Which lines belong in your copy? Those from the start of the data through the line with "circle A2 centre", exactly as written, without any pictures.

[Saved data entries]
*** Begin section ***

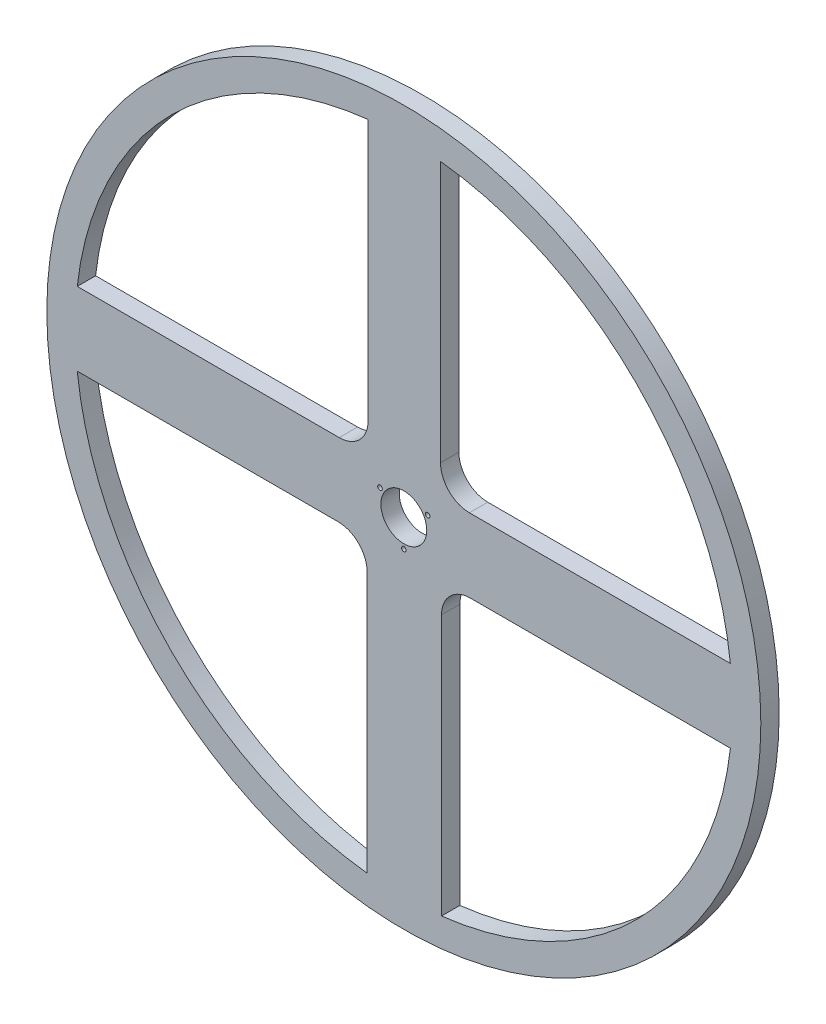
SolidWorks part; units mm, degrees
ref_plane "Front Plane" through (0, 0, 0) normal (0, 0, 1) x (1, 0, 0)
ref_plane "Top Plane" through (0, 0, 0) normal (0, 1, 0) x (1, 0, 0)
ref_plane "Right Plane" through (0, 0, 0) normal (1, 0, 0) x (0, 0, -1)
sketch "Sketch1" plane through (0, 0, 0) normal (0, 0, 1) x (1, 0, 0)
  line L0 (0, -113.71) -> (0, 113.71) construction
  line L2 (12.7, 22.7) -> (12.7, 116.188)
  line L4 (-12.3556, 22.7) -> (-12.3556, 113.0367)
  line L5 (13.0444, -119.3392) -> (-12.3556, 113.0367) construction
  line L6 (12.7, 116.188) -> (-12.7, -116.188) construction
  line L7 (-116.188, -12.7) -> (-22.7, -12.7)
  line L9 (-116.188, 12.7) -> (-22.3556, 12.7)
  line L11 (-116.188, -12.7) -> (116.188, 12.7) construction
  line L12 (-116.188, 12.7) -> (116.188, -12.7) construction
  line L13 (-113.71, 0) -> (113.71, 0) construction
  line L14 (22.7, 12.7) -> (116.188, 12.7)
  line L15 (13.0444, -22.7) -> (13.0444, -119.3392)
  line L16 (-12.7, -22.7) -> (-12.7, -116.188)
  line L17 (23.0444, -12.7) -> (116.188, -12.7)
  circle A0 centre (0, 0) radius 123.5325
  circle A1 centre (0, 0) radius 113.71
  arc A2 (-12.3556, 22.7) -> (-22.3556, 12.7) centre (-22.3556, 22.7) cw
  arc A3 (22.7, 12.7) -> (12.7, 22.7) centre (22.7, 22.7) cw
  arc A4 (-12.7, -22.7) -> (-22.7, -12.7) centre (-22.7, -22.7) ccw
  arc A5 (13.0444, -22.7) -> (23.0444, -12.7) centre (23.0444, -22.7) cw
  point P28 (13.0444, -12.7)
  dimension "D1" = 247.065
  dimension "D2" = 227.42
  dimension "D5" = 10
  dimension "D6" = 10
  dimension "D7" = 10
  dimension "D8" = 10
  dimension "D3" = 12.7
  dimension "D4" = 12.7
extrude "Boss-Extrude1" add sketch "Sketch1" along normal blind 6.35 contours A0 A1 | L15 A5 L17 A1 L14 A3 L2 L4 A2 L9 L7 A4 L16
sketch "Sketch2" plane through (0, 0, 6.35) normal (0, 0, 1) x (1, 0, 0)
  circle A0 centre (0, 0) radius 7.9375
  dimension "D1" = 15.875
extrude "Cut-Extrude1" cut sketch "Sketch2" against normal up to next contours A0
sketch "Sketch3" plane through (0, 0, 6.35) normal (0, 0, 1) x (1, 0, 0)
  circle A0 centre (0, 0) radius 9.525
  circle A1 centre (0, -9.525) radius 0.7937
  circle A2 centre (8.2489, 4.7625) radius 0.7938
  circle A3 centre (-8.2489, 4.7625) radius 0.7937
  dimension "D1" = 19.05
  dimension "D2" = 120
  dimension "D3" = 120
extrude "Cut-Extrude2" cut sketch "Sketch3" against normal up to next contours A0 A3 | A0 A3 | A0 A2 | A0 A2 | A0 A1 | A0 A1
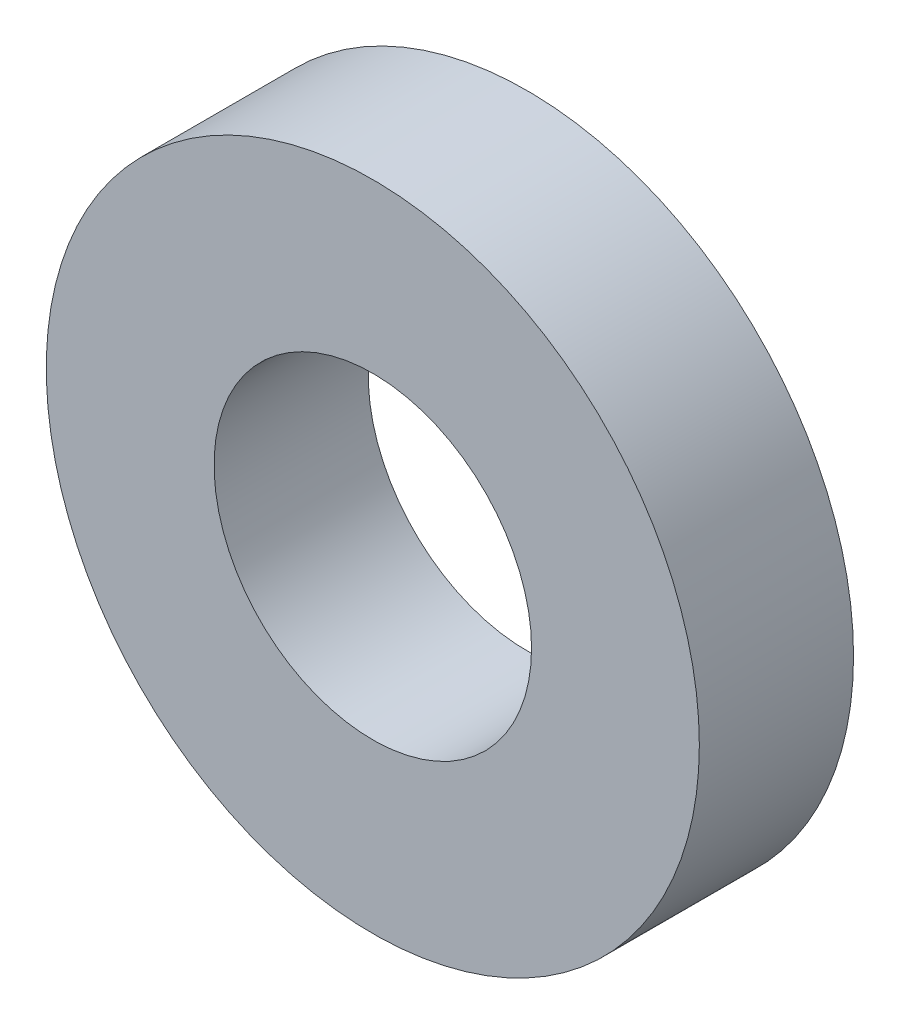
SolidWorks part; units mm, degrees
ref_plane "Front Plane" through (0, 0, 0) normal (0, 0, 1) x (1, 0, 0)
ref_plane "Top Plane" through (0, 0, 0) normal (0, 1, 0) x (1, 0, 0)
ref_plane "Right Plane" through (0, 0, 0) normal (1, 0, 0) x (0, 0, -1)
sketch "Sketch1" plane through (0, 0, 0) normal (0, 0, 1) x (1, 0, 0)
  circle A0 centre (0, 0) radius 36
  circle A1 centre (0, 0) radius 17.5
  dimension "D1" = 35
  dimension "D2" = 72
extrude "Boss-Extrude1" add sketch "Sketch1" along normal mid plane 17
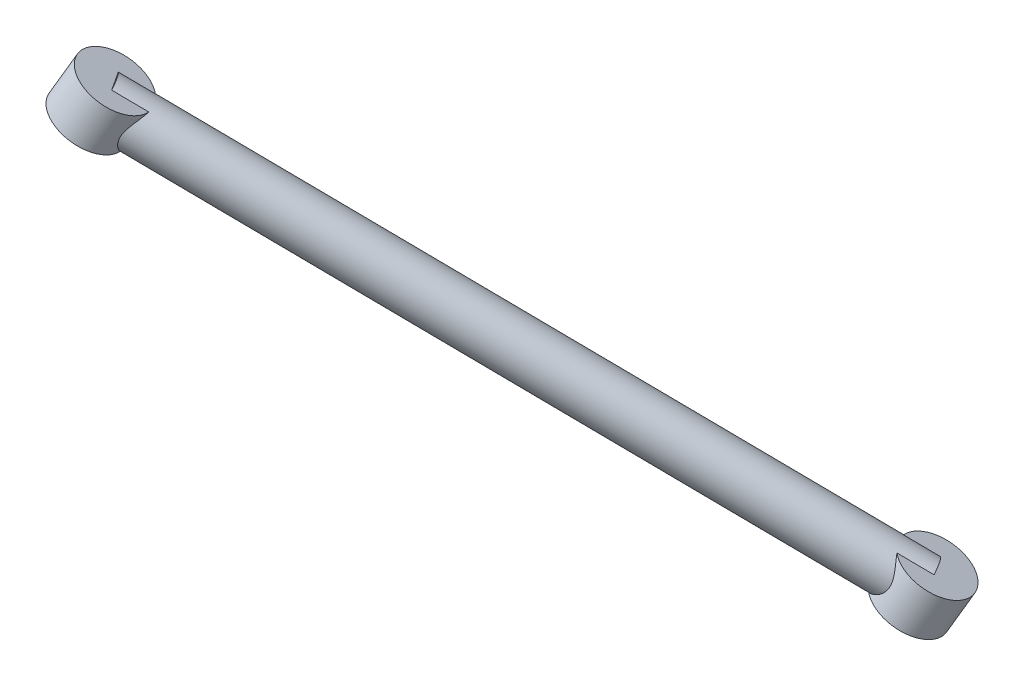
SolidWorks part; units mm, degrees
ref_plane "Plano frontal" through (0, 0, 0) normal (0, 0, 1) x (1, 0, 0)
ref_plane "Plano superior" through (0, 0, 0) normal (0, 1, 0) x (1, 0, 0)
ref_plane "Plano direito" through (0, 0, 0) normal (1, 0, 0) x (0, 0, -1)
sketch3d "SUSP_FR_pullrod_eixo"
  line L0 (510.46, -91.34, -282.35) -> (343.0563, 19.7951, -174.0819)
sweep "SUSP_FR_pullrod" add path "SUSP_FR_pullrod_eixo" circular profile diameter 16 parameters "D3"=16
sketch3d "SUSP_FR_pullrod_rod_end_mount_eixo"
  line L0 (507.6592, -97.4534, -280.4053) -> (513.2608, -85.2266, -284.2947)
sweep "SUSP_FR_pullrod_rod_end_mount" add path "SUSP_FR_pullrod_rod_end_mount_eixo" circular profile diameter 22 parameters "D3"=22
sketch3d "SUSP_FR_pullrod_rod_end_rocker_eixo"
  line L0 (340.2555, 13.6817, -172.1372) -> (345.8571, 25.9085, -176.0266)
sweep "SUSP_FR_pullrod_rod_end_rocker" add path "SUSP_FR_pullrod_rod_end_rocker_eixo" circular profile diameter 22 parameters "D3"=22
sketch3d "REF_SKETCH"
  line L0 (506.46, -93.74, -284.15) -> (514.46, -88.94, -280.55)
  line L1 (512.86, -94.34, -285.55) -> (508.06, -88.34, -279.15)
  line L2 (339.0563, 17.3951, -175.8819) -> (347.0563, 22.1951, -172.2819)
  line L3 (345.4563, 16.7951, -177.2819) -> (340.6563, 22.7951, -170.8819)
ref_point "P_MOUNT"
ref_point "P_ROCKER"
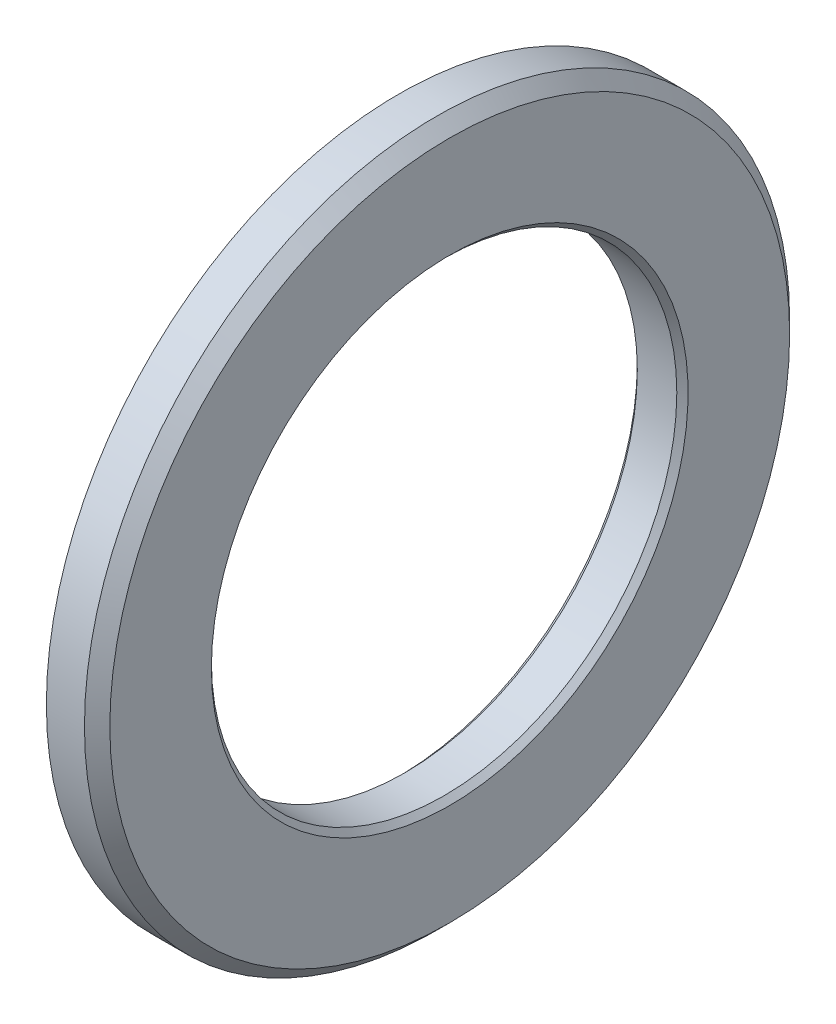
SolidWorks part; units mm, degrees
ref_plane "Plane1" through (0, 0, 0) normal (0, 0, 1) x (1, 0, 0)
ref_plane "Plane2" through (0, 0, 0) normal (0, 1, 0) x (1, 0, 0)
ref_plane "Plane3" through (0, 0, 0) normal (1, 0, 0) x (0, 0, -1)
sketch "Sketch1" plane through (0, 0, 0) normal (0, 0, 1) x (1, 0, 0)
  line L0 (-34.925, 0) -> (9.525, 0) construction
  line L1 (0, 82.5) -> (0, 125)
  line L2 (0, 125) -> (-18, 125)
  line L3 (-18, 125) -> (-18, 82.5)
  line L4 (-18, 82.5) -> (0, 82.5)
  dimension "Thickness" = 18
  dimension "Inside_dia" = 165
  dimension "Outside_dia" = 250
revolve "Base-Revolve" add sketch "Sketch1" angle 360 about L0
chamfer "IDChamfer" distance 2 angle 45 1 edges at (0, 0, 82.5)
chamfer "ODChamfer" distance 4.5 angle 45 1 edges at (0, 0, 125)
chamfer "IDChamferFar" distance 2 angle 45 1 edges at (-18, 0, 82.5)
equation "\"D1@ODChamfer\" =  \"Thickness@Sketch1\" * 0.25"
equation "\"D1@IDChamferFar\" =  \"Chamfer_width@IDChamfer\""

*** End section ***

**SOLUTION:**
SolidWorks part; units mm, degrees
ref_plane "Front Plane" through (0, 0, 0) normal (0, 0, 1) x (1, 0, 0)
ref_plane "Top Plane" through (0, 0, 0) normal (0, 1, 0) x (1, 0, 0)
ref_plane "Right Plane" through (0, 0, 0) normal (1, 0, 0) x (0, 0, -1)
sketch "Sketch1" plane through (0, 0, 0) normal (0, 0, 1) x (1, 0, 0)
  line L0 (0, -113.71) -> (0, 113.71) construction
  line L2 (12.7, 22.7) -> (12.7, 116.188)
  line L4 (-12.3556, 22.7) -> (-12.3556, 113.0367)
  line L5 (13.0444, -119.3392) -> (-12.3556, 113.0367) construction
  line L6 (12.7, 116.188) -> (-12.7, -116.188) construction
  line L7 (-116.188, -12.7) -> (-22.7, -12.7)
  line L9 (-116.188, 12.7) -> (-22.3556, 12.7)
  line L11 (-116.188, -12.7) -> (116.188, 12.7) construction
  line L12 (-116.188, 12.7) -> (116.188, -12.7) construction
  line L13 (-113.71, 0) -> (113.71, 0) construction
  line L14 (22.7, 12.7) -> (116.188, 12.7)
  line L15 (13.0444, -22.7) -> (13.0444, -119.3392)
  line L16 (-12.7, -22.7) -> (-12.7, -116.188)
  line L17 (23.0444, -12.7) -> (116.188, -12.7)
  circle A0 centre (0, 0) radius 123.5325
  circle A1 centre (0, 0) radius 113.71
  arc A2 (-12.3556, 22.7) -> (-22.3556, 12.7) centre (-22.3556, 22.7) cw
  arc A3 (22.7, 12.7) -> (12.7, 22.7) centre (22.7, 22.7) cw
  arc A4 (-12.7, -22.7) -> (-22.7, -12.7) centre (-22.7, -22.7) ccw
  arc A5 (13.0444, -22.7) -> (23.0444, -12.7) centre (23.0444, -22.7) cw
  point P28 (13.0444, -12.7)
  dimension "D1" = 247.065
  dimension "D2" = 227.42
  dimension "D5" = 10
  dimension "D6" = 10
  dimension "D7" = 10
  dimension "D8" = 10
  dimension "D3" = 12.7
  dimension "D4" = 12.7
extrude "Boss-Extrude1" add sketch "Sketch1" along normal blind 6.35 contours A0 A1 | L15 A5 L17 A1 L14 A3 L2 L4 A2 L9 L7 A4 L16
sketch "Sketch2" plane through (0, 0, 6.35) normal (0, 0, 1) x (1, 0, 0)
  circle A0 centre (0, 0) radius 7.9375
  dimension "D1" = 15.875
extrude "Cut-Extrude1" cut sketch "Sketch2" against normal up to next contours A0
sketch "Sketch3" plane through (0, 0, 6.35) normal (0, 0, 1) x (1, 0, 0)
  circle A0 centre (0, 0) radius 9.525
  circle A1 centre (0, -9.525) radius 0.7937
  circle A2 centre (8.2489, 4.7625) radius 0.7938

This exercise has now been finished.